• **ACTIVITY**: Write out, word for word, the part of the listing below that opens with the line containing "alike) : Reshape" and closes with the line containing "alike) : Gain", keeping both of those lines and adding no others.

• **DATA**:
_ _ _ _ _

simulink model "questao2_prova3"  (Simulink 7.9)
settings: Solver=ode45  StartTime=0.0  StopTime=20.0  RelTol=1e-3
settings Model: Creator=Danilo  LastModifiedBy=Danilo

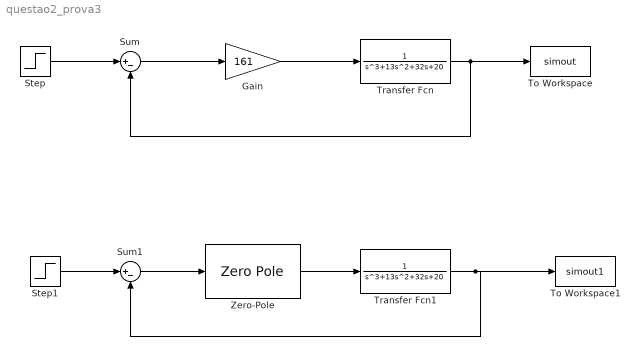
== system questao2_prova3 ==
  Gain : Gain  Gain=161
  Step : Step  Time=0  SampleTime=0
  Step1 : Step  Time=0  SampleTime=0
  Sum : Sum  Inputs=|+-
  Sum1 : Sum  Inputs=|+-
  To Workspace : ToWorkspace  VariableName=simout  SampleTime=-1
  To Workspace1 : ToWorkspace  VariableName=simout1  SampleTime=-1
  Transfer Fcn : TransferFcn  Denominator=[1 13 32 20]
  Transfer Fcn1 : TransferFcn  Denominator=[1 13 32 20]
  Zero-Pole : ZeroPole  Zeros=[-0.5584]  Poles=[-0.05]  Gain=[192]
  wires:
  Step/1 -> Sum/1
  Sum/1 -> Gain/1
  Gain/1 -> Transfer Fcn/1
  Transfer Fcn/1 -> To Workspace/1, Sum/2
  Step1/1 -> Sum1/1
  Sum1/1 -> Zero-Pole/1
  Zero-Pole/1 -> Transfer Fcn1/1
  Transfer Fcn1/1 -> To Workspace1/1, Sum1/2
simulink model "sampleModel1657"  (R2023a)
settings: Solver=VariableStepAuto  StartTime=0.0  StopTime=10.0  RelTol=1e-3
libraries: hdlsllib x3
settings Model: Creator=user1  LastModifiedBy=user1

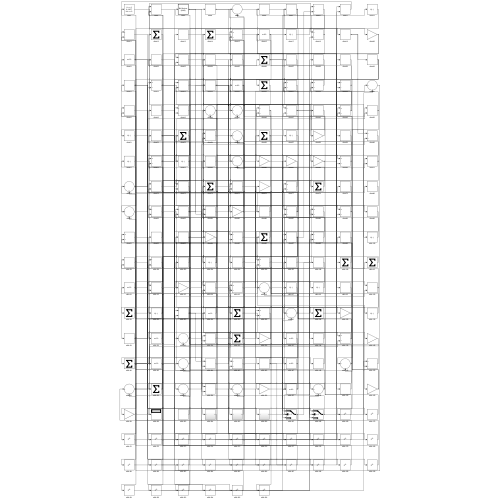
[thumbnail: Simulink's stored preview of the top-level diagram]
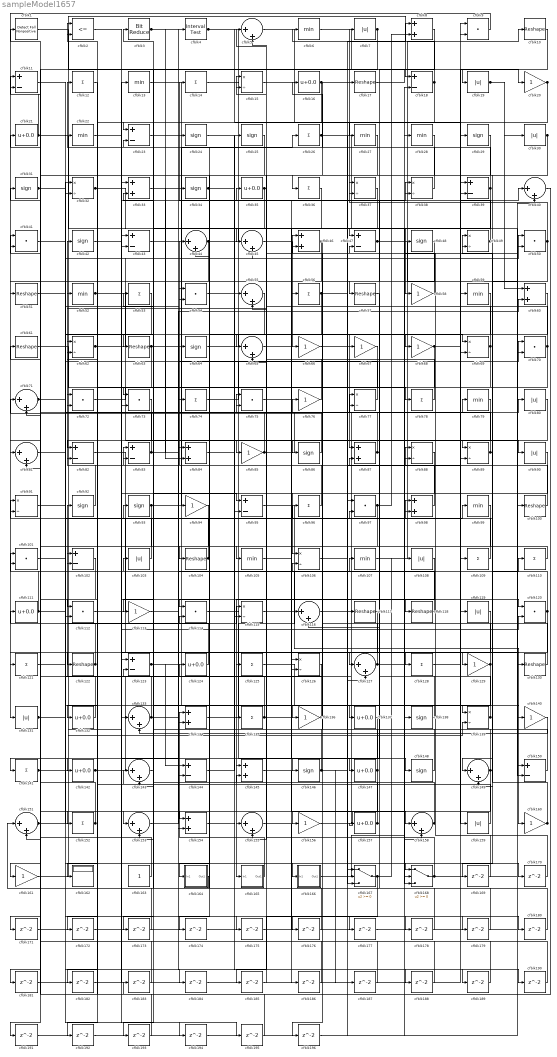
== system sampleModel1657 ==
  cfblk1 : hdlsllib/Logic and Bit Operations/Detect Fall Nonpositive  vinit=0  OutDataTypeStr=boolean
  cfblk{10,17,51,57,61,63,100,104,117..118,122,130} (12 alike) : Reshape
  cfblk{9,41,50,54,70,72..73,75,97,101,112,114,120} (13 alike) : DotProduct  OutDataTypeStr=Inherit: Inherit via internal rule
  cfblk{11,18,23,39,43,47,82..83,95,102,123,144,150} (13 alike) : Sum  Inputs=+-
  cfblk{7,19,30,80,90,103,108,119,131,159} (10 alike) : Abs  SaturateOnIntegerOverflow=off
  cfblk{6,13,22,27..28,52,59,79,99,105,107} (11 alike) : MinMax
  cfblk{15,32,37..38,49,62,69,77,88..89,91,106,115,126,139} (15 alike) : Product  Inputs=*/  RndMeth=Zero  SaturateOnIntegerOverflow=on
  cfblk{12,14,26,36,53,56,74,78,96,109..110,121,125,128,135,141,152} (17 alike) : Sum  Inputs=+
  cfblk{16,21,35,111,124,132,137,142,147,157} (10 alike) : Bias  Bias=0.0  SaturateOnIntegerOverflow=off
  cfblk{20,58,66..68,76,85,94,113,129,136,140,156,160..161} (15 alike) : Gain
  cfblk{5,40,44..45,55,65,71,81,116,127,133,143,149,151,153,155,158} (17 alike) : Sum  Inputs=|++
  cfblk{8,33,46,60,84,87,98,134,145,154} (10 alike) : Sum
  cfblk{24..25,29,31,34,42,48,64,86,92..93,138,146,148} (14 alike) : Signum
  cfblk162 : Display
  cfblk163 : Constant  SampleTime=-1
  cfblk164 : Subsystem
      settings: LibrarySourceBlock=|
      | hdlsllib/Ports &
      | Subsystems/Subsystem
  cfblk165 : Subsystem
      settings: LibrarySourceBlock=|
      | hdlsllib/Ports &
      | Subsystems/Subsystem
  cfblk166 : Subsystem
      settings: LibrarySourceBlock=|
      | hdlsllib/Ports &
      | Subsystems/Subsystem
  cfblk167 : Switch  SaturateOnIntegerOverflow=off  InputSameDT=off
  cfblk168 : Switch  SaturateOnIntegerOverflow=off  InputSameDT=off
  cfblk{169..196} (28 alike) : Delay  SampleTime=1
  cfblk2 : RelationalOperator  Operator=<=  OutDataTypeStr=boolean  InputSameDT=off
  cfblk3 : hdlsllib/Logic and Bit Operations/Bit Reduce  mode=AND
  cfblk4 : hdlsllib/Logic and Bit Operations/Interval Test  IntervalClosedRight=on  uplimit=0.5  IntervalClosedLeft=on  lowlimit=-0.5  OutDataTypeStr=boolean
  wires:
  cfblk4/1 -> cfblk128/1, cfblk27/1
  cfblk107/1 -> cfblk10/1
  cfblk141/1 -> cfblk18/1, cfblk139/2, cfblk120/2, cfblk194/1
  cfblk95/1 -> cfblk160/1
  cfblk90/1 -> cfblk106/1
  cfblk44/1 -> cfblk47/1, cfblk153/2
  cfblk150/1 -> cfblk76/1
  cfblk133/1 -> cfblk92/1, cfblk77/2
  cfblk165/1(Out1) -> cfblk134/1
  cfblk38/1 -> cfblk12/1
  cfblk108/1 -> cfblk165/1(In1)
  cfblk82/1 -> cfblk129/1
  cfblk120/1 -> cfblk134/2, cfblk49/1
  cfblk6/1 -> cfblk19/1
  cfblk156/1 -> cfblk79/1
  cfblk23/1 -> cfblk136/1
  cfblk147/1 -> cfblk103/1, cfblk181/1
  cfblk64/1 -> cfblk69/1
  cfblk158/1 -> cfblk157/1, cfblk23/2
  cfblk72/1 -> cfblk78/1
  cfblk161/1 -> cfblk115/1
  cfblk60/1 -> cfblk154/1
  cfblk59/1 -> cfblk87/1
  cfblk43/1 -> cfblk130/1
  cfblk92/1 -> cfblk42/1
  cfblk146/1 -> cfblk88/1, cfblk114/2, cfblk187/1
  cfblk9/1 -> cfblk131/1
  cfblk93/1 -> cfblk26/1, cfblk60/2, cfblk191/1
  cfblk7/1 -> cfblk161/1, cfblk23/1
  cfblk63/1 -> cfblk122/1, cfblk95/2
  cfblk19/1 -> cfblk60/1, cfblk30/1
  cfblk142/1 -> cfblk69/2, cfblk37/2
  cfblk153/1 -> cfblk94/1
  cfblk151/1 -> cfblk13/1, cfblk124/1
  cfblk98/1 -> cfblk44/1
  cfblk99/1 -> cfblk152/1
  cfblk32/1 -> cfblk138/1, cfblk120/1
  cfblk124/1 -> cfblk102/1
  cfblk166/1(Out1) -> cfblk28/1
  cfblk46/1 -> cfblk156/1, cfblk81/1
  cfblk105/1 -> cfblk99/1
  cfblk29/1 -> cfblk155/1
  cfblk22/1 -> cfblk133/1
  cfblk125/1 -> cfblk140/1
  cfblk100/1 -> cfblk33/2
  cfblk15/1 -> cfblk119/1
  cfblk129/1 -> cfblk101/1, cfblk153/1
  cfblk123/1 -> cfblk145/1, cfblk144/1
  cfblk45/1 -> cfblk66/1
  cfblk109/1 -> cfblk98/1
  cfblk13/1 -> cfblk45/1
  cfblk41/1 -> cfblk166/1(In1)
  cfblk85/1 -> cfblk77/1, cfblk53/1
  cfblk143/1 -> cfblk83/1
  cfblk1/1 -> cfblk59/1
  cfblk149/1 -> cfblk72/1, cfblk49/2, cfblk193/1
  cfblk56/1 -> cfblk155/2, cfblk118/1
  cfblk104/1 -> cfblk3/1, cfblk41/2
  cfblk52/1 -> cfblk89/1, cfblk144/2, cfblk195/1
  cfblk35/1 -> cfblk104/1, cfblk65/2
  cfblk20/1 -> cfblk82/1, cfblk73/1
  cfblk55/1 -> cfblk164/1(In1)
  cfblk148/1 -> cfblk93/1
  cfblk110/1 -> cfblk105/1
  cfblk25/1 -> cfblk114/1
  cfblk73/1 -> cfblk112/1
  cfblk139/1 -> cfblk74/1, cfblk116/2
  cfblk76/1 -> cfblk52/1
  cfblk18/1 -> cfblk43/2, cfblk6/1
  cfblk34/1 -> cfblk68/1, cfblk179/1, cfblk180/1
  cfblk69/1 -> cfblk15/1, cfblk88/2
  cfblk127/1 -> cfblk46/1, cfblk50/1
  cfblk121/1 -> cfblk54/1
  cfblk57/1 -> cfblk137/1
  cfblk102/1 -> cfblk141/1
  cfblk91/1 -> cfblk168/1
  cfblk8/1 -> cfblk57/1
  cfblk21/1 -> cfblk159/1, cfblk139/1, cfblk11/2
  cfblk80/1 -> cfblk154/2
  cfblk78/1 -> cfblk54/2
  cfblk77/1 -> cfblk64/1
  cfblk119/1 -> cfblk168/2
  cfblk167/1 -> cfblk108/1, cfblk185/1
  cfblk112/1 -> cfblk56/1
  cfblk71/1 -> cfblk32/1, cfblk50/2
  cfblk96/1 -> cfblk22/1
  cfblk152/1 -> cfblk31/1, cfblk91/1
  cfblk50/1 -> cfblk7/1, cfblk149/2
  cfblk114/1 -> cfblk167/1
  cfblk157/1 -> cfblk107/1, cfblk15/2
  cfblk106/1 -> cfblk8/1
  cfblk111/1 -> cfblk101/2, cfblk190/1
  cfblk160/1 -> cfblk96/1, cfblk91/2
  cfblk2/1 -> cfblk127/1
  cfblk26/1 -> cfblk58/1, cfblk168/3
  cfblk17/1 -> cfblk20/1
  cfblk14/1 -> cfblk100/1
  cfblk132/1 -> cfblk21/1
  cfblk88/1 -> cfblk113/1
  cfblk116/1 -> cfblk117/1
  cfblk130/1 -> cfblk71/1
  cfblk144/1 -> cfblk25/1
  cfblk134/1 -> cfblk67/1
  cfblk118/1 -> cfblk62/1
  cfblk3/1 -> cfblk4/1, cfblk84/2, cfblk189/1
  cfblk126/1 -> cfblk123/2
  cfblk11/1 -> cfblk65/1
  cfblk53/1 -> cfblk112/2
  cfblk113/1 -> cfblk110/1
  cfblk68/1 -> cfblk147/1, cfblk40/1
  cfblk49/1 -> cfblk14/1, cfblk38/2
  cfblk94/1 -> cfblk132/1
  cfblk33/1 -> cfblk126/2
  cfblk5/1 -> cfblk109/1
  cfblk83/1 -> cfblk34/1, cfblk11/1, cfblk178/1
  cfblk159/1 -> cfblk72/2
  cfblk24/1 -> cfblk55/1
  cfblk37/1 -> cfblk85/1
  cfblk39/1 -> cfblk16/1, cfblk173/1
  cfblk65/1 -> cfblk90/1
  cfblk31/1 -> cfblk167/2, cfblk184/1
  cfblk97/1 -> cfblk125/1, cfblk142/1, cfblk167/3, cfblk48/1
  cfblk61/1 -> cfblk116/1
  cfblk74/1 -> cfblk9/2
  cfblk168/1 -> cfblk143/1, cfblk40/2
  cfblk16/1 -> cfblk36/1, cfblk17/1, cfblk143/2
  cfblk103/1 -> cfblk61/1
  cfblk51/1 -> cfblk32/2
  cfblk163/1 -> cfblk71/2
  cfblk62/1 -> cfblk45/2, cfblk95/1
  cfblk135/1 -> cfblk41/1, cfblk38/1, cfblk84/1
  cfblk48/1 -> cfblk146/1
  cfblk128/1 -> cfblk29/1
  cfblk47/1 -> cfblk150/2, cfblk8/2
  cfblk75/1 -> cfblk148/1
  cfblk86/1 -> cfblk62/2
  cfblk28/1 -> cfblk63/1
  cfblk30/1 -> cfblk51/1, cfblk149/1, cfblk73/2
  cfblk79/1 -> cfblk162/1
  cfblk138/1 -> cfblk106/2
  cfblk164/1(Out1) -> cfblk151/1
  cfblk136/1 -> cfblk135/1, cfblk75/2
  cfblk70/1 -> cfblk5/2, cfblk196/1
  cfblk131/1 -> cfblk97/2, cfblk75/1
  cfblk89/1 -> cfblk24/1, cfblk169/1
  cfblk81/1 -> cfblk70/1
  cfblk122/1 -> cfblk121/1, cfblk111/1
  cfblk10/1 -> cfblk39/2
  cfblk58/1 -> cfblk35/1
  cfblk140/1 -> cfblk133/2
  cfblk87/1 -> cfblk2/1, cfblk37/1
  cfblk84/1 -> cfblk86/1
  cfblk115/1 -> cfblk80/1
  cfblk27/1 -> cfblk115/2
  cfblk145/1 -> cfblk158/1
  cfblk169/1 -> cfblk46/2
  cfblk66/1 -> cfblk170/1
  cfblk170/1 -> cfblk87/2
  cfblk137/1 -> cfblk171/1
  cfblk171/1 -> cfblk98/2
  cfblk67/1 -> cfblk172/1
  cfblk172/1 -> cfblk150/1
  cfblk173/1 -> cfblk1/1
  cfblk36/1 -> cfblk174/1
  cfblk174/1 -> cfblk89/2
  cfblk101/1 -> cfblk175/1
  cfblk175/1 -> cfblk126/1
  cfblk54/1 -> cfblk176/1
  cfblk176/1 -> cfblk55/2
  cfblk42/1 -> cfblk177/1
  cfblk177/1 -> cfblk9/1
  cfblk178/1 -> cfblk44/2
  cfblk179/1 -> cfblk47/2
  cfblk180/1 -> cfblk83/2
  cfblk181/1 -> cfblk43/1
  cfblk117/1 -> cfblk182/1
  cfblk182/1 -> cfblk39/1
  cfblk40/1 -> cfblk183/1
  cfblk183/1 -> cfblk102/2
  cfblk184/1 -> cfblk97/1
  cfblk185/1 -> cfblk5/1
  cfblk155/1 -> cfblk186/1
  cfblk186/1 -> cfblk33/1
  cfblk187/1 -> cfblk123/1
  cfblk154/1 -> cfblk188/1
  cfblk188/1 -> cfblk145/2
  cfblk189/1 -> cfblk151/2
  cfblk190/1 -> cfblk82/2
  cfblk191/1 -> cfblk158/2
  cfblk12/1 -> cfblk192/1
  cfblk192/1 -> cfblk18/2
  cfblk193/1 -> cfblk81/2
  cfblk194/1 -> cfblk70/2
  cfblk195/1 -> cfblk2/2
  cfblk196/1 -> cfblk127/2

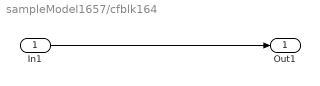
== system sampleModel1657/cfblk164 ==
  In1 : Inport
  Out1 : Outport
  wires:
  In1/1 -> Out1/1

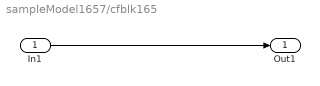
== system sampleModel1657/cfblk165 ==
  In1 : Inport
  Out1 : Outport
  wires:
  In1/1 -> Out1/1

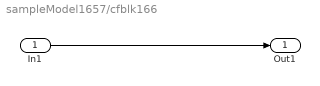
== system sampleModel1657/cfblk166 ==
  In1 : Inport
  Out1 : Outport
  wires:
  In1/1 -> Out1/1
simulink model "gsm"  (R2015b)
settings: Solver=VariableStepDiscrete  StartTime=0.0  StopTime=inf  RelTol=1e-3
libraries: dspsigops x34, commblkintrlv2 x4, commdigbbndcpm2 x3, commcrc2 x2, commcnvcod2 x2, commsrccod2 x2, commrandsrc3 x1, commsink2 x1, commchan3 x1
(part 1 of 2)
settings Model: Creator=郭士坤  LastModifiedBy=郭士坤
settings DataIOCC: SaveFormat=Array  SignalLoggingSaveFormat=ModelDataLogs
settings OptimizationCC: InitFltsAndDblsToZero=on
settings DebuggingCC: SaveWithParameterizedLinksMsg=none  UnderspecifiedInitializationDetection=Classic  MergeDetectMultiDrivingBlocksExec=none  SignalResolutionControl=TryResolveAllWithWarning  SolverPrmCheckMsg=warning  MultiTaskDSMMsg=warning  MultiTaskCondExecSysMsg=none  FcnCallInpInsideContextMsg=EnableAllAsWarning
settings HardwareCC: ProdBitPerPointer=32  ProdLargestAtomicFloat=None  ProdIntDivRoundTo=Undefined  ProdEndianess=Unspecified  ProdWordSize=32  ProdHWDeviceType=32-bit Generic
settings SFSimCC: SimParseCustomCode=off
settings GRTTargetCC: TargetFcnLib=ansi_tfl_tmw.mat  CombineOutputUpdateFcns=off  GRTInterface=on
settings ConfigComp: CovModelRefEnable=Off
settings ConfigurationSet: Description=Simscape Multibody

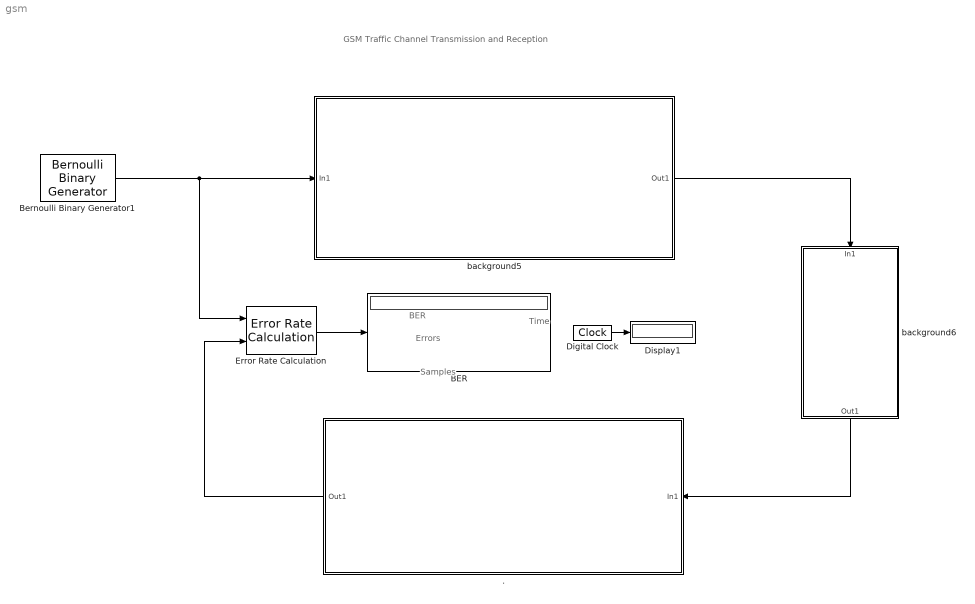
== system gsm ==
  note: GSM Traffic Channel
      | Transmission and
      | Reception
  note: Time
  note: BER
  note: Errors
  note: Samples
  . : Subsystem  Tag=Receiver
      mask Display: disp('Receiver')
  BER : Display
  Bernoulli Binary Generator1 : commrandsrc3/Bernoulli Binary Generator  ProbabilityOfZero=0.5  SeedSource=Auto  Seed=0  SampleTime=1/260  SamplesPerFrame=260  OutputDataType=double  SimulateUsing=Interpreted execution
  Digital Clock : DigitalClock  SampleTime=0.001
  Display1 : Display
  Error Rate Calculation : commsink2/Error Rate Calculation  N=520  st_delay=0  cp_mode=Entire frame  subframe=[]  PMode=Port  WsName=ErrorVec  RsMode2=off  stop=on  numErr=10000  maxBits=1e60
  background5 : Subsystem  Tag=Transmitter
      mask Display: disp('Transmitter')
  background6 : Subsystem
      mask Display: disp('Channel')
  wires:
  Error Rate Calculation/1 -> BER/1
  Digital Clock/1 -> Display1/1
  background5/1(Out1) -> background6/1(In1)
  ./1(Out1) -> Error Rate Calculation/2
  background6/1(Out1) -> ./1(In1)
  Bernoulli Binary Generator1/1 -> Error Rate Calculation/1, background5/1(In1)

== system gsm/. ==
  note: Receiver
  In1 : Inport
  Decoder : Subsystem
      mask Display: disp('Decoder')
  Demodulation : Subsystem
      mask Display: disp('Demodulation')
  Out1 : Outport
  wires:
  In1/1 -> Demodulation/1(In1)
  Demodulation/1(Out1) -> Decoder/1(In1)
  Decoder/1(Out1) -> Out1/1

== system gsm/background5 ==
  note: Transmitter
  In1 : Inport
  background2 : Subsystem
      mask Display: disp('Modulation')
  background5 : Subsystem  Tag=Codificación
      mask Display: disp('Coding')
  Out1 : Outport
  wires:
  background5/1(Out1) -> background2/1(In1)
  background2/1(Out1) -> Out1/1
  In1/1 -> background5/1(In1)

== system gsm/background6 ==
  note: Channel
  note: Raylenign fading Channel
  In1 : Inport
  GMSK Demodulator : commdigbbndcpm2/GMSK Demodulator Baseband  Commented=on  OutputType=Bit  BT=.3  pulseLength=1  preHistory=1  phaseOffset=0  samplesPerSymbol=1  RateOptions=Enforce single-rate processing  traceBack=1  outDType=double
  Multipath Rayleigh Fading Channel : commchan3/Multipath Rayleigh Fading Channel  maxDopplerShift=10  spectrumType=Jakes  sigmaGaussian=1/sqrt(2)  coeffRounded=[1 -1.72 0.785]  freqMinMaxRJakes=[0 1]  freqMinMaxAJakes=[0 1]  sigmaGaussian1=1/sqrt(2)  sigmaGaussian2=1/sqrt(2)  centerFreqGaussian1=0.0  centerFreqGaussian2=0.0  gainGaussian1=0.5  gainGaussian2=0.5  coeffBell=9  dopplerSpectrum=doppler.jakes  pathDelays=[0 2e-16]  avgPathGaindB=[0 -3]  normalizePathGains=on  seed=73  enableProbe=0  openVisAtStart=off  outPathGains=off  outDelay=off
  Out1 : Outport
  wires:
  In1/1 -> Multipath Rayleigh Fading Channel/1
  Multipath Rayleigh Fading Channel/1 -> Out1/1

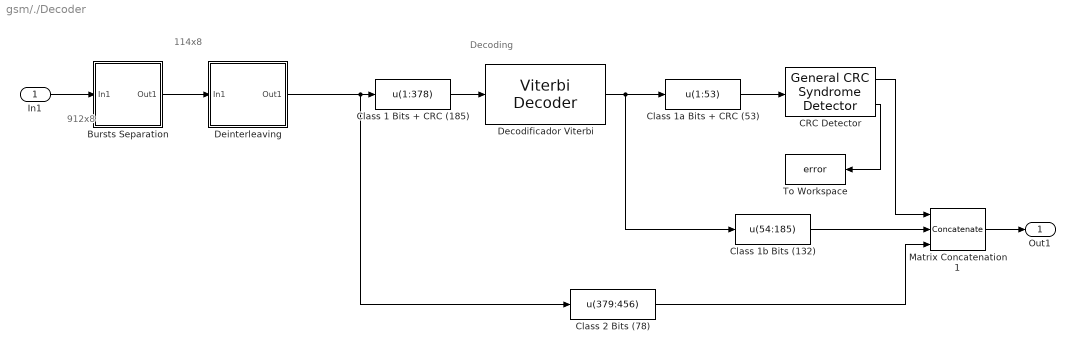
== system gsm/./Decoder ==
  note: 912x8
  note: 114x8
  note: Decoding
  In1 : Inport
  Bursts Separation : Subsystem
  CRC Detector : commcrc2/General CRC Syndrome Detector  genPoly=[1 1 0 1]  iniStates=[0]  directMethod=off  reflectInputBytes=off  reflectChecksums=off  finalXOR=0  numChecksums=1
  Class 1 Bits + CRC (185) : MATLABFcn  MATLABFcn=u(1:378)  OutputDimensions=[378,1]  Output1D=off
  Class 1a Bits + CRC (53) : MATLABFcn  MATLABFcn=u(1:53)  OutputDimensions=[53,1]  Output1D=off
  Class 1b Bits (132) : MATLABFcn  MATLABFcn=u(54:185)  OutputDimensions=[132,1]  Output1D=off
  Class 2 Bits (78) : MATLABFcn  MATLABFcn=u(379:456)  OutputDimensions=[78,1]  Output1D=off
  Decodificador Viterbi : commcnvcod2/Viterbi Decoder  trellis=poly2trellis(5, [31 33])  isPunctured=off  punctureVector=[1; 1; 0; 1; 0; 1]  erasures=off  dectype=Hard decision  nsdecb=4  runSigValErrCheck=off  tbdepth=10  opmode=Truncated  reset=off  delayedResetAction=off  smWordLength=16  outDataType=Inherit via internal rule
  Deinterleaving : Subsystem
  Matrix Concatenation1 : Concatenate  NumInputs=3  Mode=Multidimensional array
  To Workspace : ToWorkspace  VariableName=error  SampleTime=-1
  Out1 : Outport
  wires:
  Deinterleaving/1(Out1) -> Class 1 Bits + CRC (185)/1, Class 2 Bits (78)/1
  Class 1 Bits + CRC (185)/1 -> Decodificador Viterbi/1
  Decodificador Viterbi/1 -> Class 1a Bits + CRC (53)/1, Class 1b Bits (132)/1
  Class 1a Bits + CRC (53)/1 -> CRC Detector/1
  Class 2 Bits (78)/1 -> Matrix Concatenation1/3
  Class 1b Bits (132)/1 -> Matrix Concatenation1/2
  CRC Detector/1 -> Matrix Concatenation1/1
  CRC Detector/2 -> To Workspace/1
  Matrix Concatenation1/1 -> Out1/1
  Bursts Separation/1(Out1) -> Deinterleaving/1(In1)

_ _ _ _ _

• **WRITTEN REPLY**:
  cfblk{10,17,51,57,61,63,100,104,117..118,122,130} (12 alike) : Reshape
  cfblk{9,41,50,54,70,72..73,75,97,101,112,114,120} (13 alike) : DotProduct  OutDataTypeStr=Inherit: Inherit via internal rule
  cfblk{11,18,23,39,43,47,82..83,95,102,123,144,150} (13 alike) : Sum  Inputs=+-
  cfblk{7,19,30,80,90,103,108,119,131,159} (10 alike) : Abs  SaturateOnIntegerOverflow=off
  cfblk{6,13,22,27..28,52,59,79,99,105,107} (11 alike) : MinMax
  cfblk{15,32,37..38,49,62,69,77,88..89,91,106,115,126,139} (15 alike) : Product  Inputs=*/  RndMeth=Zero  SaturateOnIntegerOverflow=on
  cfblk{12,14,26,36,53,56,74,78,96,109..110,121,125,128,135,141,152} (17 alike) : Sum  Inputs=+
  cfblk{16,21,35,111,124,132,137,142,147,157} (10 alike) : Bias  Bias=0.0  SaturateOnIntegerOverflow=off
  cfblk{20,58,66..68,76,85,94,113,129,136,140,156,160..161} (15 alike) : Gain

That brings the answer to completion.